Your medical care team
During your cancer journey, you will be cared for by a team of health professionals and support staff. Your medical care team will include doctors, nurses and allied health staff each with a role to play.
You should have a main doctor who will be coordinating your care. They will consult with different doctors and health professionals who are specialists in your cancer, known as a multidisciplinary team (MDT).
Once all your investigations have been carried out, your specialist team should meet to discuss the results. The MDT meeting may include doctors from radiology (X-ray), pathology, surgery and oncology departments, as well as specialist nurses and other health professionals, and is aimed at using the broad expertise of the team to deliver therapeutic options that are tailor for you.
This diagram shows who could be in your treating team.
- Your GP
- Medical oncologist
- Pancreatic cancer surgeon
- Palliative care physician
- Cancer nurses
- Social worker
- Physiotherapist or Exercise physiologist
Talking to my team
Each individual’s care team may be slightly different, with a different type of specialist as the “main” or central doctor for communication. For a person with liver cancer, the central communicating doctor might be a hepatologist; whereas, for one with pancreatic cancer, the oncologist might be the main contact. In many cases, the specialist upper gastrointestinal nurse will be your main point of contact.
I got neuropathy, numb and weak fingers and toes when I had chemotherapy. My friend is a pianist, he told his doctor that he was concerned this would happen to him – so he and his doctor talked and made decisions about the treatment and what was right for him
Steve, 69 yrs living with pancreatic cancer
Communicating with your medical care team
Good communication between you and your treating team is very important.
You should expect to:
- understand your health condition and plans for your treatment
- be able to ask any question that you want answered
- know who the members of your treating team are
- know who your contact person in the team is in case you have questions
- have clear, open and respectful communication with all health staff
- be able to request copies of your tests and reports if you wish to have them
- ask how experienced a health professional is with treating pancreatic cancer
- seek second or third opinions if you want to
- negotiate a break in your treatment if you believe you need it
- have someone ask you about your needs for support.
You can learn more about your rights and what to expect when receiving health care on the Australian Charter of Healthcare Rights.
> Australian Charter of Healthcare Rights
I am the focal point of contact with families if they have concerns with any emotional or physical symptoms or issues throughout their cancer journey. Patients are given my contact details for during business hours. Its absolutely important to have a go to person, it’s hugely helpful for them.
Meg, Gastrointestinal nurse specialist
Questions to ask your medical care team
If you can, take someone with you to medical appointments.
Being given a lot of information can be overwhelming so a friend or family member can be a second pair of ears. If English is not your first language, try to take an English-speaking family member or friend with you – even when an interpreter is available.

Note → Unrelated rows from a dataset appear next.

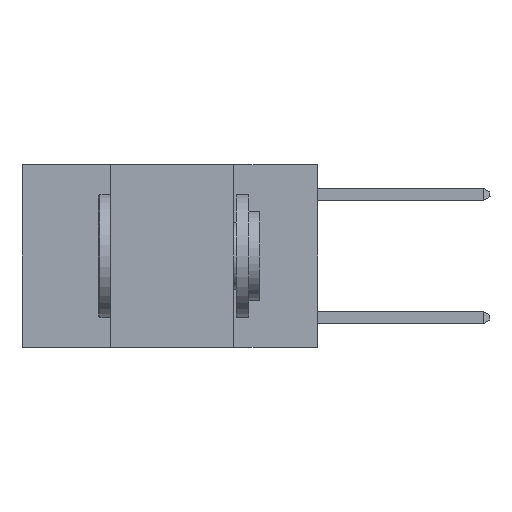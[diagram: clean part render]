
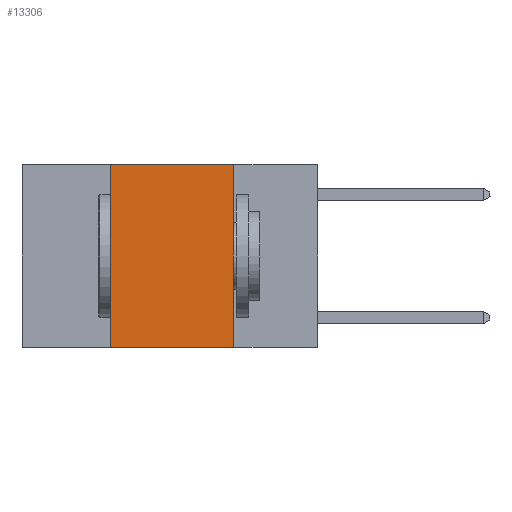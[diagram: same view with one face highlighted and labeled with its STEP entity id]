
A CAD part, left-side view. The second image highlights one B-rep face of the part: STEP entity #13306.
In plain terms, the highlighted planar face has unit normal (-1, 0, 0).
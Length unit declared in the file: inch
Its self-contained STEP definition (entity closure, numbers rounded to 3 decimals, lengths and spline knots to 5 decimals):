
#101 = FACE_OUTER_BOUND ( 'NONE', #10069, .T. ) ;
#250 = VECTOR ( 'NONE', #18444, 39.37008 ) ;
#1788 = ORIENTED_EDGE ( 'NONE', *, *, #3900, .F. ) ;
#1994 = CARTESIAN_POINT ( 'NONE',  ( 0., 0.6, 0. ) ) ;
#2484 = EDGE_CURVE ( 'NONE', #13475, #11283, #3962, .T. ) ;
#3900 = EDGE_CURVE ( 'NONE', #23428, #13475, #19416, .T. ) ;
#3962 = LINE ( 'NONE', #16661, #250 ) ;
#5548 = DIRECTION ( 'NONE',  ( 0., 0., 1. ) ) ;
#5610 = LINE ( 'NONE', #17739, #16155 ) ;
#6593 = CARTESIAN_POINT ( 'NONE',  ( 0., 0.6, 0. ) ) ;
#7324 = CARTESIAN_POINT ( 'NONE',  ( 0., 0.42, 0. ) ) ;
#9135 = VECTOR ( 'NONE', #5548, 39.37008 ) ;
#9257 = DIRECTION ( 'NONE',  ( 1., 0., 0. ) ) ;
#9568 = VECTOR ( 'NONE', #11832, 39.37008 ) ;
#10069 = EDGE_LOOP ( 'NONE', ( #14490, #1788, #15746, #14433 ) ) ;
#11283 = VERTEX_POINT ( 'NONE', #15462 ) ;
#11832 = DIRECTION ( 'NONE',  ( 0., -1., 0. ) ) ;
#12688 = PLANE ( 'NONE',  #13750 ) ;
#13306 = ADVANCED_FACE ( 'NONE', ( #101 ), #12688, .F. ) ;
#13475 = VERTEX_POINT ( 'NONE', #18956 ) ;
#13750 = AXIS2_PLACEMENT_3D ( 'NONE', #1994, #9257, #16497 ) ;
#14433 = ORIENTED_EDGE ( 'NONE', *, *, #16734, .T. ) ;
#14490 = ORIENTED_EDGE ( 'NONE', *, *, #2484, .F. ) ;
#15462 = CARTESIAN_POINT ( 'NONE',  ( 0., 0.17, -0.37 ) ) ;
#15490 = CARTESIAN_POINT ( 'NONE',  ( 0., 0.42, -0.37 ) ) ;
#15746 = ORIENTED_EDGE ( 'NONE', *, *, #21076, .F. ) ;
#16155 = VECTOR ( 'NONE', #23339, 39.37008 ) ;
#16228 = LINE ( 'NONE', #7324, #9135 ) ;
#16497 = DIRECTION ( 'NONE',  ( 0., 0., -1. ) ) ;
#16661 = CARTESIAN_POINT ( 'NONE',  ( 0., 0.17, 0. ) ) ;
#16734 = EDGE_CURVE ( 'NONE', #17982, #11283, #5610, .T. ) ;
#17739 = CARTESIAN_POINT ( 'NONE',  ( 0., 0.6, -0.37 ) ) ;
#17755 = CARTESIAN_POINT ( 'NONE',  ( 0., 0.42, 0. ) ) ;
#17982 = VERTEX_POINT ( 'NONE', #15490 ) ;
#18444 = DIRECTION ( 'NONE',  ( 0., 0., -1. ) ) ;
#18956 = CARTESIAN_POINT ( 'NONE',  ( 0., 0.17, 0. ) ) ;
#19416 = LINE ( 'NONE', #6593, #9568 ) ;
#21076 = EDGE_CURVE ( 'NONE', #17982, #23428, #16228, .T. ) ;
#23339 = DIRECTION ( 'NONE',  ( 0., -1., 0. ) ) ;
#23428 = VERTEX_POINT ( 'NONE', #17755 ) ;

Plan ahead and write down the questions you want to ask. Some questions you may ask are:
- What is the specific type of cancer, has it spread and what are the recommended treatment options? For example, surgery, chemotherapy or radiotherapy.
- Where the treatment will take place and what are the side effects?
- The impact of cancer treatment on diet. Will I need to see a dietitian and take dietary enzymes?
- What will be the cost of the treatment and medicines and if these can be reduced
- Are any clinical trials suitable for me?
- Ways to complement medical treatment such as massage, exercise or meditation.
- Are there other things such as emotional and practical support I might need?
- When will palliative care be suggested?
- What does this diagnosis mean for my future?
It is important to ask every question that you want answered. For a comprehensive list of questions, please review our ‘Questions to ask your oncologist’ page, where you can download a copy of questions to take with you to your next appointment.
I went back full time. Some days I felt very, very tired, looking back it was a really hard thing to do. But I think for me mentally it would’ve been harder to be in the house on my own. I think it was the best thing I probably did, was going back.
Natalie 46yrs, mother and teacher with pancreatic cancer
Once you are in hospital, you will meet lots of different people. Ask your treating doctor who your contact person (key contact) is going to be – the person you can call directly if you have questions about how you are feeling, your treatment or the next steps. This might be a cancer specialist nurse, nurse co-ordinator, or doctor.